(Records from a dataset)

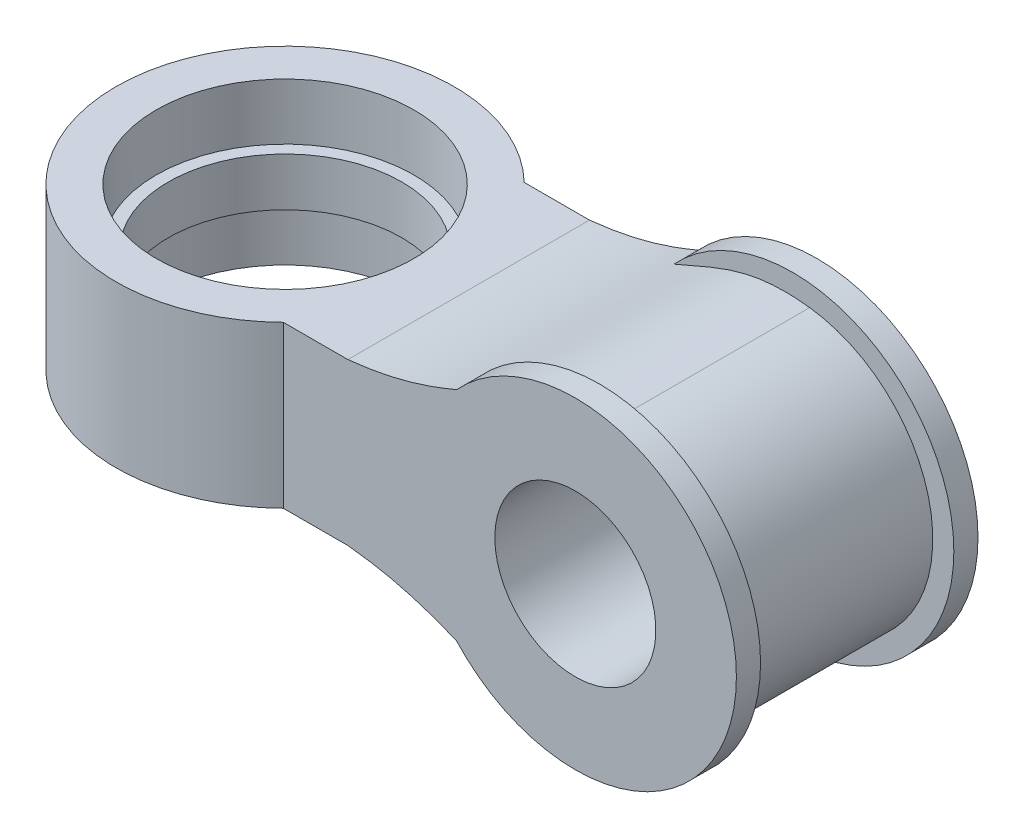
ISO-10303-21;
HEADER;
FILE_DESCRIPTION(('STEP AP214'),'2;1');
FILE_NAME('part.step','',(''),(''),'','','');
FILE_SCHEMA(('AUTOMOTIVE_DESIGN { 1 0 10303 214 1 1 1 1 }'));
ENDSEC;
DATA;
#1=APPLICATION_CONTEXT('core data for automotive mechanical design processes');
#2=APPLICATION_PROTOCOL_DEFINITION('international standard','automotive_design',2000,#1);
#3=PRODUCT_CONTEXT('',#1,'mechanical');
#4=PRODUCT('Part','Part','',(#3));
#5=PRODUCT_RELATED_PRODUCT_CATEGORY('part','',(#4));
#6=PRODUCT_DEFINITION_FORMATION('','',#4);
#7=PRODUCT_DEFINITION_CONTEXT('part definition',#1,'design');
#8=PRODUCT_DEFINITION('design','',#6,#7);
#9=PRODUCT_DEFINITION_SHAPE('','',#8);
#10=(LENGTH_UNIT() NAMED_UNIT(*) SI_UNIT(.MILLI.,.METRE.));
#11=(NAMED_UNIT(*) PLANE_ANGLE_UNIT() SI_UNIT($,.RADIAN.));
#12=(NAMED_UNIT(*) SI_UNIT($,.STERADIAN.) SOLID_ANGLE_UNIT());
#13=UNCERTAINTY_MEASURE_WITH_UNIT(LENGTH_MEASURE(1.E-05),#10,'distance_accuracy_value','');
#14=(GEOMETRIC_REPRESENTATION_CONTEXT(3) GLOBAL_UNCERTAINTY_ASSIGNED_CONTEXT((#13)) GLOBAL_UNIT_ASSIGNED_CONTEXT((#10,
#11,#12)) REPRESENTATION_CONTEXT('',''));
#15=CARTESIAN_POINT('',(0.,0.,0.));
#16=DIRECTION('',(0.,0.,1.));
#17=DIRECTION('',(1.,0.,0.));
#18=AXIS2_PLACEMENT_3D('',#15,#16,#17);
#19=CARTESIAN_POINT('',(-51.,-10.,15.0438784044279));
#20=DIRECTION('',(0.,1.,0.));
#21=DIRECTION('',(-1.,0.,0.));
#22=AXIS2_PLACEMENT_3D('',#19,#20,#21);
#23=CYLINDRICAL_SURFACE('',#22,16.);
#24=CARTESIAN_POINT('',(-51.,-10.,15.0438784044279));
#25=DIRECTION('',(0.,1.,0.));
#26=DIRECTION('',(-1.,0.,0.));
#27=AXIS2_PLACEMENT_3D('',#24,#25,#26);
#28=CIRCLE('',#27,16.);
#29=CARTESIAN_POINT('',(-67.,-10.,15.0438784044279));
#30=VERTEX_POINT('',#29);
#31=EDGE_CURVE('E227',#30,#30,#28,.T.);
#32=ORIENTED_EDGE('',*,*,#31,.F.);
#33=EDGE_LOOP('',(#32));
#34=FACE_BOUND('',#33,.T.);
#35=CARTESIAN_POINT('',(-51.,-3.,15.0438784044279));
#36=DIRECTION('',(0.,1.,0.));
#37=DIRECTION('',(0.,0.,1.));
#38=AXIS2_PLACEMENT_3D('',#35,#36,#37);
#39=CIRCLE('',#38,16.);
#40=CARTESIAN_POINT('',(-51.,-3.,31.0438784044279));
#41=VERTEX_POINT('',#40);
#42=EDGE_CURVE('E11',#41,#41,#39,.F.);
#43=ORIENTED_EDGE('',*,*,#42,.F.);
#44=EDGE_LOOP('',(#43));
#45=FACE_BOUND('',#44,.T.);
#46=ADVANCED_FACE('F41',(#34,#45),#23,.F.);
#47=CARTESIAN_POINT('',(0.,0.,30.));
#48=DIRECTION('',(0.,0.,-1.));
#49=DIRECTION('',(-1.,0.,0.));
#50=AXIS2_PLACEMENT_3D('',#47,#48,#49);
#51=CYLINDRICAL_SURFACE('',#50,17.3861277599397);
#52=DIRECTION('',(0.,0.,-1.));
#53=VECTOR('',#52,1.);
#54=CARTESIAN_POINT('',(2.10062296443295,17.2587607216231,30.));
#55=LINE('',#54,#53);
#56=CARTESIAN_POINT('',(2.10062296443295,17.2587607216231,27.));
#57=VERTEX_POINT('',#56);
#58=CARTESIAN_POINT('',(2.10062296443295,17.2587607216231,3.));
#59=VERTEX_POINT('',#58);
#60=EDGE_CURVE('E300',#57,#59,#55,.T.);
#61=ORIENTED_EDGE('',*,*,#60,.F.);
#62=CARTESIAN_POINT('',(0.,0.,27.));
#63=DIRECTION('',(0.,0.,1.));
#64=DIRECTION('',(1.,0.,0.));
#65=AXIS2_PLACEMENT_3D('',#62,#63,#64);
#66=CIRCLE('',#65,17.3861277599397);
#67=CARTESIAN_POINT('',(2.10062296443295,-17.2587607216231,27.));
#68=VERTEX_POINT('',#67);
#69=EDGE_CURVE('E336',#57,#68,#66,.F.);
#70=ORIENTED_EDGE('',*,*,#69,.T.);
#71=DIRECTION('',(0.,0.,-1.));
#72=VECTOR('',#71,1.);
#73=CARTESIAN_POINT('',(2.10062296443295,-17.2587607216231,30.));
#74=LINE('',#73,#72);
#75=CARTESIAN_POINT('',(2.10062296443295,-17.2587607216231,3.));
#76=VERTEX_POINT('',#75);
#77=EDGE_CURVE('E293',#68,#76,#74,.T.);
#78=ORIENTED_EDGE('',*,*,#77,.T.);
#79=CARTESIAN_POINT('',(0.,0.,3.));
#80=DIRECTION('',(0.,0.,1.));
#81=DIRECTION('',(1.,0.,0.));
#82=AXIS2_PLACEMENT_3D('',#79,#80,#81);
#83=CIRCLE('',#82,17.3861277599397);
#84=EDGE_CURVE('E317',#76,#59,#83,.T.);
#85=ORIENTED_EDGE('',*,*,#84,.T.);
#86=EDGE_LOOP('',(#61,#70,#78,#85));
#87=FACE_BOUND('',#86,.T.);
#88=ADVANCED_FACE('F174',(#87),#51,.T.);
#89=CARTESIAN_POINT('',(0.,0.,3.));
#90=DIRECTION('',(0.,0.,-1.));
#91=DIRECTION('',(-1.,0.,0.));
#92=AXIS2_PLACEMENT_3D('',#89,#90,#91);
#93=CYLINDRICAL_SURFACE('',#92,20.);
#94=DIRECTION('',(0.,0.,-1.));
#95=VECTOR('',#94,1.);
#96=CARTESIAN_POINT('',(-14.7412270743129,-13.5165167237548,30.));
#97=LINE('',#96,#95);
#98=CARTESIAN_POINT('',(-14.7412270743129,-13.5165167237548,0.));
#99=VERTEX_POINT('',#98);
#100=CARTESIAN_POINT('',(-14.7412270743129,-13.5165167237548,3.));
#101=VERTEX_POINT('',#100);
#102=EDGE_CURVE('E326',#99,#101,#97,.F.);
#103=ORIENTED_EDGE('',*,*,#102,.F.);
#104=CARTESIAN_POINT('',(0.,0.,0.));
#105=DIRECTION('',(0.,0.,1.));
#106=DIRECTION('',(1.,0.,0.));
#107=AXIS2_PLACEMENT_3D('',#104,#105,#106);
#108=CIRCLE('',#107,20.);
#109=CARTESIAN_POINT('',(-14.7412270743129,13.5165167237548,0.));
#110=VERTEX_POINT('',#109);
#111=EDGE_CURVE('E332',#99,#110,#108,.T.);
#112=ORIENTED_EDGE('',*,*,#111,.T.);
#113=DIRECTION('',(0.,0.,-1.));
#114=VECTOR('',#113,1.);
#115=CARTESIAN_POINT('',(-14.7412270743129,13.5165167237548,30.));
#116=LINE('',#115,#114);
#117=CARTESIAN_POINT('',(-14.7412270743129,13.5165167237548,3.));
#118=VERTEX_POINT('',#117);
#119=EDGE_CURVE('E310',#110,#118,#116,.F.);
#120=ORIENTED_EDGE('',*,*,#119,.T.);
#121=CARTESIAN_POINT('',(0.,0.,3.));
#122=DIRECTION('',(0.,0.,1.));
#123=DIRECTION('',(1.,0.,0.));
#124=AXIS2_PLACEMENT_3D('',#121,#122,#123);
#125=CIRCLE('',#124,20.);
#126=EDGE_CURVE('E333',#101,#118,#125,.T.);
#127=ORIENTED_EDGE('',*,*,#126,.F.);
#128=EDGE_LOOP('',(#103,#112,#120,#127));
#129=FACE_BOUND('',#128,.T.);
#130=ADVANCED_FACE('F43',(#129),#93,.T.);
#131=CARTESIAN_POINT('',(0.,0.,3.));
#132=DIRECTION('',(0.,0.,1.));
#133=DIRECTION('',(1.,0.,0.));
#134=AXIS2_PLACEMENT_3D('',#131,#132,#133);
#135=PLANE('',#134);
#136=ORIENTED_EDGE('',*,*,#84,.F.);
#137=CARTESIAN_POINT('',(-28.2444508318275,-10.,3.));
#138=CARTESIAN_POINT('',(-12.9902671690807,-11.5555353558737,3.));
#139=CARTESIAN_POINT('',(-9.90093372395772,-18.7195113511275,3.));
#140=CARTESIAN_POINT('',(2.10062296443295,-17.2587607216231,3.));
#141=B_SPLINE_CURVE_WITH_KNOTS('',3,(#137,#138,#139,#140),.UNSPECIFIED.,.F.,.F.,(4,4),(0.,1.),.UNSPECIFIED.);
#142=EDGE_CURVE('E321',#76,#101,#141,.F.);
#143=ORIENTED_EDGE('',*,*,#142,.T.);
#144=ORIENTED_EDGE('',*,*,#126,.T.);
#145=CARTESIAN_POINT('',(-28.2444508318275,10.,3.));
#146=CARTESIAN_POINT('',(-12.9902671690807,11.5555353558737,3.));
#147=CARTESIAN_POINT('',(-9.90093372395772,18.7195113511275,3.));
#148=CARTESIAN_POINT('',(2.10062296443295,17.2587607216231,3.));
#149=B_SPLINE_CURVE_WITH_KNOTS('',3,(#145,#146,#147,#148),.UNSPECIFIED.,.F.,.F.,(4,4),(0.,1.),.UNSPECIFIED.);
#150=EDGE_CURVE('E299',#59,#118,#149,.F.);
#151=ORIENTED_EDGE('',*,*,#150,.F.);
#152=EDGE_LOOP('',(#136,#143,#144,#151));
#153=FACE_BOUND('',#152,.T.);
#154=ADVANCED_FACE('F185',(#153),#135,.T.);
#155=CARTESIAN_POINT('',(0.,0.,0.));
#156=DIRECTION('',(0.,0.,1.));
#157=DIRECTION('',(1.,0.,0.));
#158=AXIS2_PLACEMENT_3D('',#155,#156,#157);
#159=PLANE('',#158);
#160=CARTESIAN_POINT('',(0.,0.,0.));
#161=DIRECTION('',(0.,0.,-1.));
#162=DIRECTION('',(-1.,0.,0.));
#163=AXIS2_PLACEMENT_3D('',#160,#161,#162);
#164=CIRCLE('',#163,10.);
#165=CARTESIAN_POINT('',(-10.,0.,0.));
#166=VERTEX_POINT('',#165);
#167=EDGE_CURVE('E245',#166,#166,#164,.T.);
#168=ORIENTED_EDGE('',*,*,#167,.F.);
#169=EDGE_LOOP('',(#168));
#170=FACE_BOUND('',#169,.T.);
#171=DIRECTION('',(-1.,0.,0.));
#172=VECTOR('',#171,1.);
#173=CARTESIAN_POINT('',(0.,-10.,0.));
#174=LINE('',#173,#172);
#175=CARTESIAN_POINT('',(-28.2444508318275,-10.,0.));
#176=VERTEX_POINT('',#175);
#177=CARTESIAN_POINT('',(-36.3479788918802,-10.,0.));
#178=VERTEX_POINT('',#177);
#179=EDGE_CURVE('E63',#176,#178,#174,.T.);
#180=ORIENTED_EDGE('',*,*,#179,.T.);
#181=DIRECTION('',(0.,1.,0.));
#182=VECTOR('',#181,1.);
#183=CARTESIAN_POINT('',(-36.3479788918802,-10.,0.));
#184=LINE('',#183,#182);
#185=CARTESIAN_POINT('',(-36.3479788918802,10.,0.));
#186=VERTEX_POINT('',#185);
#187=EDGE_CURVE('E58',#178,#186,#184,.T.);
#188=ORIENTED_EDGE('',*,*,#187,.T.);
#189=DIRECTION('',(-1.,0.,0.));
#190=VECTOR('',#189,1.);
#191=CARTESIAN_POINT('',(0.,10.,0.));
#192=LINE('',#191,#190);
#193=CARTESIAN_POINT('',(-28.2444508318275,10.,0.));
#194=VERTEX_POINT('',#193);
#195=EDGE_CURVE('E284',#194,#186,#192,.T.);
#196=ORIENTED_EDGE('',*,*,#195,.F.);
#197=CARTESIAN_POINT('',(-28.2444508318275,10.,0.));
#198=CARTESIAN_POINT('',(-12.9902671690807,11.5555353558737,0.));
#199=CARTESIAN_POINT('',(-9.90093372395772,18.7195113511275,0.));
#200=CARTESIAN_POINT('',(2.10062296443295,17.2587607216231,0.));
#201=B_SPLINE_CURVE_WITH_KNOTS('',3,(#197,#198,#199,#200),.UNSPECIFIED.,.F.,.F.,(4,4),(0.,1.),.UNSPECIFIED.);
#202=EDGE_CURVE('E141',#194,#110,#201,.T.);
#203=ORIENTED_EDGE('',*,*,#202,.T.);
#204=ORIENTED_EDGE('',*,*,#111,.F.);
#205=CARTESIAN_POINT('',(-28.2444508318275,-10.,0.));
#206=CARTESIAN_POINT('',(-12.9902671690807,-11.5555353558737,0.));
#207=CARTESIAN_POINT('',(-9.90093372395772,-18.7195113511275,0.));
#208=CARTESIAN_POINT('',(2.10062296443295,-17.2587607216231,0.));
#209=B_SPLINE_CURVE_WITH_KNOTS('',3,(#205,#206,#207,#208),.UNSPECIFIED.,.F.,.F.,(4,4),(0.,1.),.UNSPECIFIED.);
#210=EDGE_CURVE('E160',#176,#99,#209,.T.);
#211=ORIENTED_EDGE('',*,*,#210,.F.);
#212=EDGE_LOOP('',(#180,#188,#196,#203,#204,#211));
#213=FACE_BOUND('',#212,.T.);
#214=ADVANCED_FACE('F184',(#170,#213),#159,.F.);
#215=CARTESIAN_POINT('',(-28.2444508318275,-10.,30.));
#216=CARTESIAN_POINT('',(-12.9902671690807,-11.5555353558737,30.));
#217=CARTESIAN_POINT('',(-9.90093372395772,-18.7195113511275,30.));
#218=CARTESIAN_POINT('',(2.10062296443295,-17.2587607216231,30.));
#219=B_SPLINE_CURVE_WITH_KNOTS('',3,(#215,#216,#217,#218),.UNSPECIFIED.,.F.,.F.,(4,4),(0.,1.),.UNSPECIFIED.);
#220=DIRECTION('',(0.,0.,-1.));
#221=VECTOR('',#220,1.);
#222=SURFACE_OF_LINEAR_EXTRUSION('',#219,#221);
#223=CARTESIAN_POINT('',(-28.2444508318275,-10.,27.));
#224=CARTESIAN_POINT('',(-12.9902671690807,-11.5555353558737,27.));
#225=CARTESIAN_POINT('',(-9.90093372395772,-18.7195113511275,27.));
#226=CARTESIAN_POINT('',(2.10062296443295,-17.2587607216231,27.));
#227=B_SPLINE_CURVE_WITH_KNOTS('',3,(#223,#224,#225,#226),.UNSPECIFIED.,.F.,.F.,(4,4),(0.,1.),.UNSPECIFIED.);
#228=CARTESIAN_POINT('',(-14.7412270743129,-13.5165167237549,27.));
#229=VERTEX_POINT('',#228);
#230=EDGE_CURVE('E267',#229,#68,#227,.T.);
#231=ORIENTED_EDGE('',*,*,#230,.F.);
#232=DIRECTION('',(0.,0.,-1.));
#233=VECTOR('',#232,1.);
#234=CARTESIAN_POINT('',(-14.7412270743129,-13.5165167237549,30.));
#235=LINE('',#234,#233);
#236=CARTESIAN_POINT('',(-14.7412270743129,-13.5165167237549,30.));
#237=VERTEX_POINT('',#236);
#238=EDGE_CURVE('E136',#229,#237,#235,.F.);
#239=ORIENTED_EDGE('',*,*,#238,.T.);
#240=CARTESIAN_POINT('',(-28.2444508318275,-10.,30.));
#241=VERTEX_POINT('',#240);
#242=EDGE_CURVE('E133',#241,#237,#219,.T.);
#243=ORIENTED_EDGE('',*,*,#242,.F.);
#244=DIRECTION('',(0.,0.,-1.));
#245=VECTOR('',#244,1.);
#246=CARTESIAN_POINT('',(-28.2444508318275,-10.,30.));
#247=LINE('',#246,#245);
#248=EDGE_CURVE('E119',#241,#176,#247,.T.);
#249=ORIENTED_EDGE('',*,*,#248,.T.);
#250=ORIENTED_EDGE('',*,*,#210,.T.);
#251=ORIENTED_EDGE('',*,*,#102,.T.);
#252=ORIENTED_EDGE('',*,*,#142,.F.);
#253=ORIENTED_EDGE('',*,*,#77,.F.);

Exercise: Please output exactly the lines between the one holding "#164=CIRCLE('',#163,10.);" and the one holding "#174=LINE('',#173,#172);" in the records above, inclusive, and nothing more.

Solution for this exercise:
#164=CIRCLE('',#163,10.);
#165=CARTESIAN_POINT('',(-10.,0.,0.));
#166=VERTEX_POINT('',#165);
#167=EDGE_CURVE('E245',#166,#166,#164,.T.);
#168=ORIENTED_EDGE('',*,*,#167,.F.);
#169=EDGE_LOOP('',(#168));
#170=FACE_BOUND('',#169,.T.);
#171=DIRECTION('',(-1.,0.,0.));
#172=VECTOR('',#171,1.);
#173=CARTESIAN_POINT('',(0.,-10.,0.));
#174=LINE('',#173,#172);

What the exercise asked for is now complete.